SOURCE DATA START
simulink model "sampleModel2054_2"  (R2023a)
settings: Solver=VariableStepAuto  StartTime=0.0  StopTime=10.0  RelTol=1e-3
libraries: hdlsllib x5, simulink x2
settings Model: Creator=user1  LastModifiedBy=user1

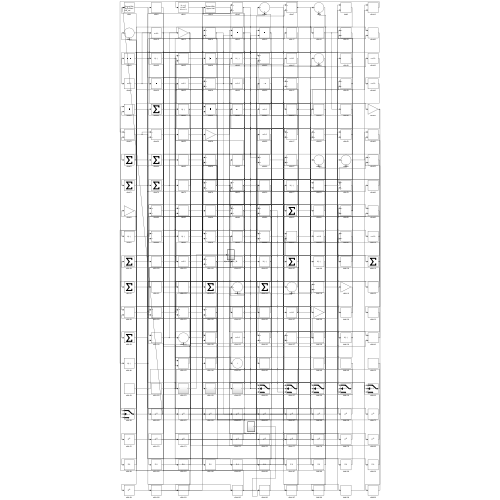
[thumbnail: Simulink's stored preview of the top-level diagram]
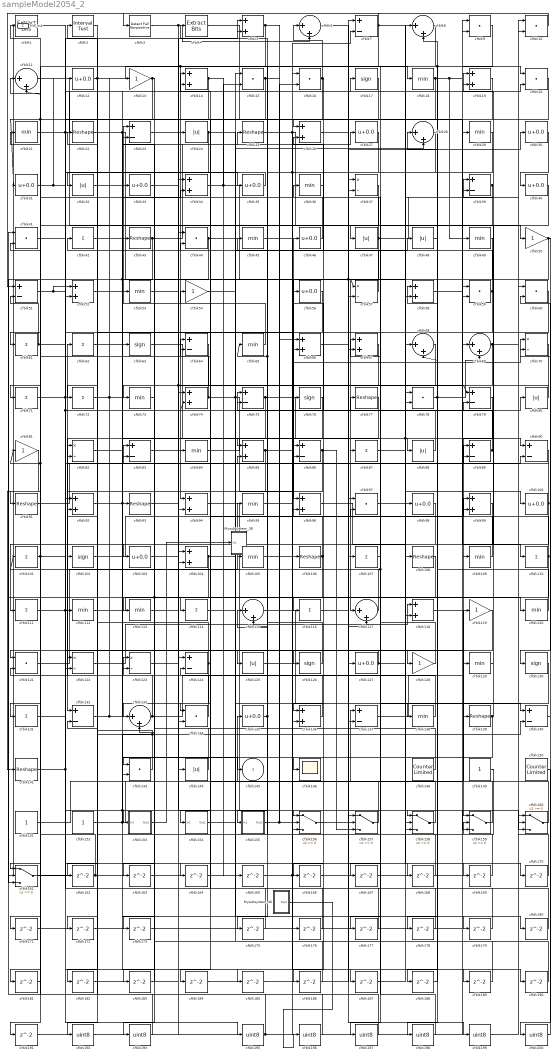
== system sampleModel2054_2 ==
  Mysubsystem_38 : Subsystem  TreatAsAtomicUnit=on  RTWFcnName=Mysubsystem_38
      settings: RTWFcnNameOpts=User specified  RTWFileNameOpts=Use function name
  Mysubsystem_46 : Subsystem  TreatAsAtomicUnit=on  RTWFcnName=Mysubsystem_46
      settings: RTWFcnNameOpts=User specified  RTWFileNameOpts=Use function name
  cfblk1 : simulink/Logic and Bit Operations/Extract Bits  bitsToExtract=Upper half  numBits=8  bitIdxRange=[0 7]  outScalingMode=Preserve fixed-point scaling
      settings: LibrarySourceBlock=|
      | hdlsllib/Logic and Bit
      | Operations/Extract Bits
  cfblk{9..10,15..16,20,41,44,59..60,78,97,121,134,143} (14 alike) : DotProduct  OutDataTypeStr=uint8
  cfblk{12,27,30..31,33,35,40,46,56,98,100,103,127,135} (14 alike) : Bias  Bias=0.0  SaturateOnIntegerOverflow=off
  cfblk{42,61..62,71..72,87,101,107,110..111,114,116,131} (13 alike) : Sum  Inputs=+  OutDataTypeStr=uint8
  cfblk{17,63,76,102,126,130} (6 alike) : Signum
  cfblk{5,14,19,26,34,52,58,66..67,74,85,92,94,96,99,104,118,136} (18 alike) : Sum  OutDataTypeStr=uint8
  cfblk{18,21,29,36,45,49,53,65,73,84,95,105,109,112..113,120,129,138} (18 alike) : MinMax  OutDataTypeStr=uint8
  cfblk{22,25,43,77,91,93,106,108,139,141} (10 alike) : Reshape
  cfblk{6,8,11,28,68..69,115,117,133} (9 alike) : Sum  Inputs=|++  OutDataTypeStr=uint8
  cfblk{13,50,54,81,119,128} (6 alike) : Gain  OutDataTypeStr=uint8
  cfblk{37,57,70,82,122..123} (6 alike) : Product  Inputs=*/  OutDataTypeStr=uint8  RndMeth=Zero  SaturateOnIntegerOverflow=on
  cfblk{7,23,39,51,64,75,79,83,86,89..90,124,132,137,140} (15 alike) : Sum  Inputs=+-  OutDataTypeStr=uint8
  cfblk{24,32,47..48,80,88,125,144} (8 alike) : Abs  OutDataTypeStr=uint8  SaturateOnIntegerOverflow=off
  cfblk146 : Scope
  cfblk148 : hdlsllib/Sources/Counter Limited  uplimit=7  tsamp=-1
  cfblk149 : Constant  OutDataTypeStr=uint8  SampleTime=-1
  cfblk150 : hdlsllib/Sources/Counter Limited  uplimit=7  tsamp=-1
  cfblk151 : Constant  OutDataTypeStr=uint8  SampleTime=-1
  cfblk152 : Constant  OutDataTypeStr=uint8  SampleTime=-1
  cfblk153 : Subsystem
      settings: LibrarySourceBlock=|
      | hdlsllib/Ports &
      | Subsystems/Subsystem
  cfblk154 : Subsystem
      settings: LibrarySourceBlock=|
      | hdlsllib/Ports &
      | Subsystems/Subsystem
  cfblk155 : Subsystem
      settings: LibrarySourceBlock=|
      | hdlsllib/Ports &
      | Subsystems/Subsystem
  cfblk{156..161} (6 alike) : Switch  OutDataTypeStr=uint8  SaturateOnIntegerOverflow=off  InputSameDT=off
  cfblk{162..173,175..191} (29 alike) : Delay  SampleTime=1
  cfblk{192..193,195..200} (8 alike) : DataTypeConversion  OutDataTypeStr=uint8  SaturateOnIntegerOverflow=off  RndMeth=Floor
  cfblk2 : hdlsllib/Logic and Bit Operations/Interval Test  IntervalClosedRight=on  uplimit=0.5  IntervalClosedLeft=on  lowlimit=-0.5  OutDataTypeStr=uint8
  cfblk3 : hdlsllib/Logic and Bit Operations/Detect Fall Nonpositive  vinit=0  OutDataTypeStr=uint8
  cfblk4 : simulink/Logic and Bit Operations/Extract Bits  bitsToExtract=Upper half  numBits=8  bitIdxRange=[0 7]  outScalingMode=Preserve fixed-point scaling
      settings: LibrarySourceBlock=|
      | hdlsllib/Logic and Bit
      | Operations/Extract Bits
  cfblk145 : Outport  OutDataTypeStr=uint8  VectorParamsAs1DForOutWhenUnconnected=off
  Hdl_out : Outport  Port=2  OutDataTypeStr=uint8
  wires:
  cfblk5/1 -> cfblk94/1, cfblk61/1, cfblk66/1
  cfblk127/1 -> cfblk121/1, cfblk80/1
  cfblk79/1 -> cfblk159/1
  cfblk72/1 -> cfblk63/1, cfblk190/1
  cfblk51/1 -> cfblk52/1, cfblk170/1
  cfblk113/1 -> cfblk84/1
  cfblk94/1 -> cfblk156/1
  cfblk70/1 -> cfblk114/1
  cfblk43/1 -> cfblk25/1, cfblk161/2
  cfblk144/1 -> cfblk83/1
  cfblk15/1 -> cfblk31/1, cfblk191/1, cfblk156/2
  cfblk86/1 -> cfblk157/3, cfblk162/1
  cfblk76/1 -> cfblk132/1
  cfblk57/1 -> cfblk42/1
  cfblk110/1 -> cfblk46/1, cfblk122/2
  cfblk41/1 -> cfblk195/1
  cfblk122/1 -> cfblk118/1
  cfblk81/1 -> cfblk141/1
  cfblk62/1 -> cfblk27/1
  cfblk117/1 -> cfblk64/1
  cfblk65/1 -> cfblk23/1
  cfblk44/1 -> cfblk98/1, cfblk57/2, cfblk183/1
  cfblk49/1 -> cfblk96/1
  cfblk59/1 -> cfblk133/1, cfblk36/1
  cfblk16/1 -> cfblk6/1, cfblk146/1, cfblk182/1
  cfblk10/1 -> cfblk51/1
  cfblk3/1 -> cfblk6/2, cfblk117/2
  cfblk30/1 -> cfblk40/1
  cfblk148/1 -> cfblk53/1
  cfblk149/1 -> cfblk159/2
  cfblk13/1 -> cfblk91/1, cfblk133/2
  cfblk20/1 -> cfblk125/1
  cfblk63/1 -> cfblk108/1
  cfblk45/1 -> cfblk47/1
  cfblk112/1 -> cfblk120/1
  cfblk151/1 -> cfblk137/1
  cfblk78/1 -> cfblk69/2, cfblk178/1
  cfblk34/1 -> cfblk117/1, cfblk15/2
  cfblk84/1 -> cfblk90/1
  cfblk83/1 -> cfblk124/1
  cfblk102/1 -> cfblk99/1
  cfblk161/1 -> cfblk16/1, cfblk37/2
  cfblk136/1 -> cfblk62/1
  cfblk32/1 -> cfblk127/1
  cfblk85/1 -> cfblk102/1, cfblk158/3
  cfblk42/1 -> cfblk160/2, cfblk168/1
  cfblk61/1 -> cfblk51/2, cfblk20/2
  cfblk52/1 -> cfblk87/1
  cfblk126/1 -> cfblk4/1
  cfblk159/1 -> cfblk119/1
  cfblk99/1 -> cfblk111/1
  cfblk77/1 -> cfblk113/1
  cfblk25/1 -> cfblk78/1, cfblk140/1
  cfblk95/1 -> cfblk7/2
  cfblk98/1 -> cfblk155/1(In1)
  cfblk128/1 -> cfblk101/1, cfblk33/1
  cfblk106/1 -> cfblk143/1, cfblk44/2
  cfblk26/1 -> cfblk159/3
  cfblk73/1 -> cfblk43/1
  cfblk11/1 -> cfblk78/2
  cfblk111/1 -> cfblk24/1, cfblk153/1(In1)
  cfblk121/1 -> cfblk95/1
  cfblk119/1 -> cfblk131/1
  cfblk8/1 -> cfblk115/2
  cfblk158/1 -> cfblk135/1
  cfblk74/1 -> cfblk106/1, cfblk88/1, cfblk21/1
  cfblk56/1 -> cfblk82/1
  cfblk160/1 -> cfblk58/1
  cfblk18/1 -> cfblk49/1, cfblk20/1, cfblk71/1
  cfblk138/1 -> cfblk75/1
  cfblk64/1 -> cfblk104/2
  cfblk50/1 -> cfblk154/1(In1), cfblk130/1
  cfblk157/1 -> cfblk54/1
  cfblk53/1 -> cfblk79/1, cfblk160/3
  cfblk31/1 -> cfblk12/1, cfblk189/1
  cfblk22/1 -> cfblk57/1, cfblk179/1, cfblk97/1
  cfblk47/1 -> cfblk10/1, cfblk126/1, cfblk26/2
  cfblk124/1 -> cfblk92/2, cfblk163/1
  cfblk75/1 -> cfblk107/1, cfblk134/1
  cfblk134/1 -> cfblk123/1
  cfblk116/1 -> cfblk128/1
  cfblk118/1 -> cfblk29/1
  cfblk104/1 -> cfblk161/3, cfblk193/1, cfblk48/1
  cfblk101/1 -> cfblk85/2, cfblk171/1
  cfblk100/1 -> cfblk86/2, cfblk161/1
  cfblk132/1 -> cfblk34/2, cfblk13/1
  cfblk27/1 -> cfblk137/2
  cfblk33/1 -> cfblk50/1
  cfblk155/1(Out1) -> cfblk70/1, cfblk16/2
  cfblk129/1 -> cfblk89/1
  cfblk21/1 -> cfblk17/1, cfblk26/1, cfblk66/2
  cfblk152/1 -> cfblk59/1, cfblk140/2
  cfblk89/1 -> cfblk75/2, cfblk39/2
  cfblk103/1 -> cfblk76/1
  cfblk88/1 -> cfblk56/1
  cfblk4/1 -> cfblk59/2
  cfblk29/1 -> cfblk96/2, cfblk85/1
  cfblk137/1 -> cfblk9/1
  cfblk69/1 -> cfblk10/2, cfblk116/1
  cfblk54/1 -> cfblk28/2
  cfblk139/1 -> cfblk19/1, cfblk173/1
  cfblk40/1 -> cfblk109/1
  cfblk12/1 -> cfblk72/1, cfblk18/1
  cfblk39/1 -> cfblk19/2, cfblk167/1
  cfblk156/1 -> cfblk30/1
  cfblk93/1 -> cfblk79/2
  cfblk120/1 -> cfblk8/2
  cfblk23/1 -> cfblk74/1
  cfblk35/1 -> cfblk32/1
  cfblk68/1 -> cfblk103/1
  cfblk80/1 -> cfblk73/1
  cfblk1/1 -> cfblk35/1
  cfblk9/1 -> cfblk68/2, cfblk197/1
  cfblk14/1 -> cfblk112/1, cfblk165/1
  cfblk133/1 -> cfblk11/2, cfblk81/1, cfblk118/2
  cfblk46/1 -> cfblk11/1
  cfblk67/1 -> cfblk123/2
  cfblk135/1 -> cfblk105/1, cfblk175/1
  cfblk143/1 -> cfblk22/1, cfblk122/1
  cfblk107/1 -> cfblk67/1
  cfblk71/1 -> cfblk129/1, cfblk74/2, cfblk5/2
  cfblk58/1 -> cfblk110/1
  cfblk109/1 -> cfblk65/1, cfblk45/1
  cfblk154/1(Out1) -> cfblk158/1
  cfblk115/1 -> cfblk138/1
  cfblk140/1 -> cfblk70/2
  cfblk82/1 -> cfblk145/1
  cfblk28/1 -> cfblk136/1
  cfblk96/1 -> cfblk158/2
  cfblk7/1 -> cfblk100/1, cfblk89/2, cfblk134/2, cfblk3/1
  cfblk92/1 -> cfblk93/1, cfblk14/1
  cfblk6/1 -> cfblk37/1
  cfblk141/1 -> cfblk52/2, cfblk185/1
  cfblk97/1 -> cfblk39/1
  cfblk24/1 -> cfblk139/1, cfblk172/1
  cfblk108/1 -> cfblk143/2
  cfblk123/1 -> cfblk5/1
  cfblk91/1 -> cfblk90/2
  cfblk90/1 -> cfblk82/2
  cfblk162/1 -> cfblk1/1, Hdl_out/1
  cfblk163/1 -> cfblk86/1
  cfblk131/1 -> cfblk164/1
  cfblk164/1 -> cfblk157/2
  cfblk165/1 -> cfblk9/2
  cfblk19/1 -> cfblk166/1
  cfblk166/1 -> cfblk68/1
  cfblk167/1 -> cfblk97/2
  cfblk168/1 -> cfblk115/1
  cfblk87/1 -> cfblk169/1
  cfblk169/1 -> cfblk132/2
  cfblk170/1 -> cfblk160/1
  cfblk171/1 -> cfblk58/2
  cfblk172/1 -> cfblk99/2
  cfblk173/1 -> cfblk156/3
  cfblk175/1 -> cfblk64/2
  cfblk105/1 -> cfblk176/1
  cfblk176/1 -> cfblk124/2
  cfblk130/1 -> cfblk177/1
  cfblk177/1 -> cfblk104/1
  cfblk178/1 -> cfblk92/1
  cfblk179/1 -> cfblk14/2
  cfblk114/1 -> cfblk180/1
  cfblk180/1 -> cfblk7/1
  cfblk37/1 -> cfblk181/1
  cfblk181/1 -> cfblk121/2
  cfblk182/1 -> cfblk94/2
  cfblk183/1 -> cfblk23/2
  cfblk17/1 -> cfblk184/1
  cfblk184/1 -> cfblk157/1
  cfblk185/1 -> cfblk67/2
  cfblk36/1 -> cfblk186/1
  cfblk186/1 -> cfblk83/2
  cfblk125/1 -> cfblk187/1
  cfblk187/1 -> cfblk8/1
  cfblk48/1 -> cfblk188/1
  cfblk188/1 -> cfblk28/1
  cfblk189/1 -> cfblk34/1
  cfblk190/1 -> cfblk15/1
  cfblk191/1 -> cfblk136/2
  cfblk2/1 -> cfblk192/1
  cfblk192/1 -> cfblk144/1
  cfblk193/1 -> cfblk2/1
  cfblk195/1 -> cfblk44/1, cfblk69/1
  cfblk196/1 -> cfblk41/1
  cfblk197/1 -> cfblk41/2
  cfblk60/1 -> cfblk198/1
  cfblk198/1 -> cfblk77/1
  cfblk66/1 -> cfblk199/1
  cfblk199/1 -> cfblk60/1
  cfblk150/1 -> cfblk200/1
  cfblk200/1 -> cfblk60/2
  cfblk153/1(Out1) -> Mysubsystem_38/1(In1)
  Mysubsystem_46/1(Out1) -> cfblk196/1

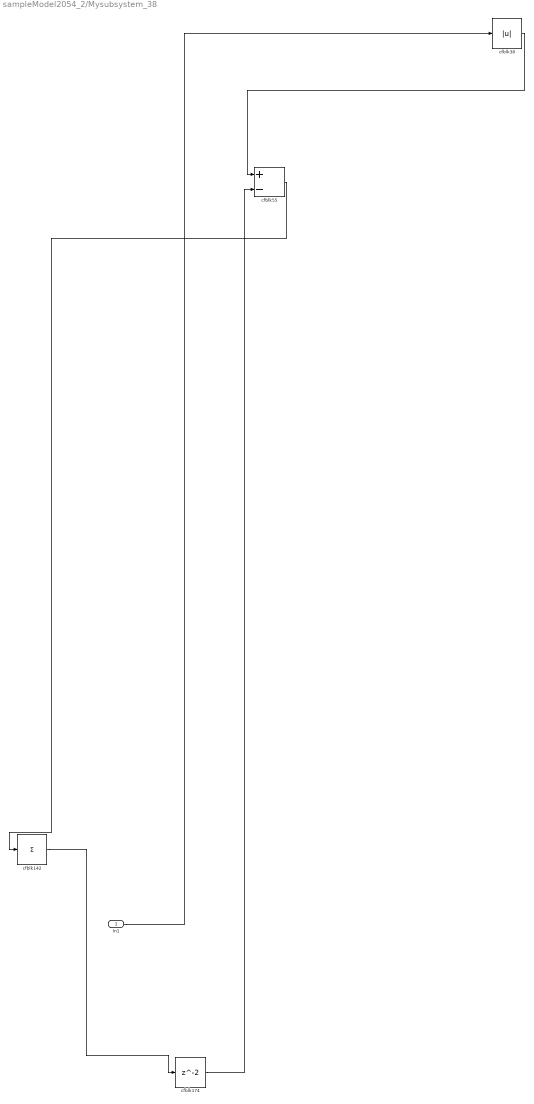
== system sampleModel2054_2/Mysubsystem_38 ==
  In1 : Inport
  cfblk142 : Sum  Inputs=+
  cfblk174 : Delay  SampleTime=1
  cfblk38 : Abs  SaturateOnIntegerOverflow=off
  cfblk55 : Sum  Inputs=+-
  wires:
  cfblk55/1 -> cfblk142/1
  cfblk38/1 -> cfblk55/1
  cfblk142/1 -> cfblk174/1
  cfblk174/1 -> cfblk55/2
  In1/1 -> cfblk38/1

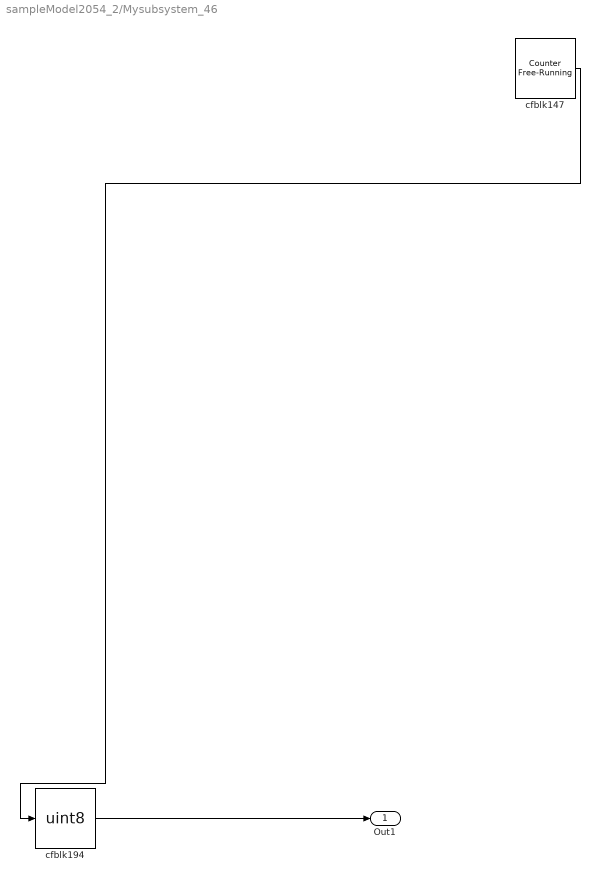
== system sampleModel2054_2/Mysubsystem_46 ==
  cfblk147 : hdlsllib/Sources/Counter Free-Running  NumBits=16  tsamp=-1
  cfblk194 : DataTypeConversion  OutDataTypeStr=uint8  SaturateOnIntegerOverflow=off  RndMeth=Floor
  Out1 : Outport
  wires:
  cfblk147/1 -> cfblk194/1
  cfblk194/1 -> Out1/1

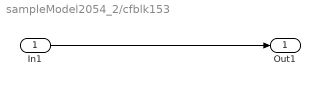
== system sampleModel2054_2/cfblk153 ==
  In1 : Inport
  Out1 : Outport
  wires:
  In1/1 -> Out1/1

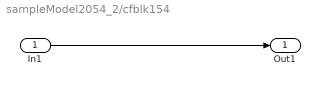
== system sampleModel2054_2/cfblk154 ==
  In1 : Inport
  Out1 : Outport
  wires:
  In1/1 -> Out1/1

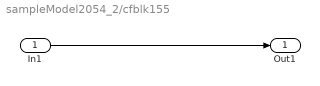
== system sampleModel2054_2/cfblk155 ==
  In1 : Inport
  Out1 : Outport
  wires:
  In1/1 -> Out1/1
SOURCE DATA END
▶ **WORK REQUEST**:
Find every line in the records that has the word "half". Copy those lines.

▶ **ANSWER BELOW**:
  cfblk1 : simulink/Logic and Bit Operations/Extract Bits  bitsToExtract=Upper half  numBits=8  bitIdxRange=[0 7]  outScalingMode=Preserve fixed-point scaling
  cfblk4 : simulink/Logic and Bit Operations/Extract Bits  bitsToExtract=Upper half  numBits=8  bitIdxRange=[0 7]  outScalingMode=Preserve fixed-point scaling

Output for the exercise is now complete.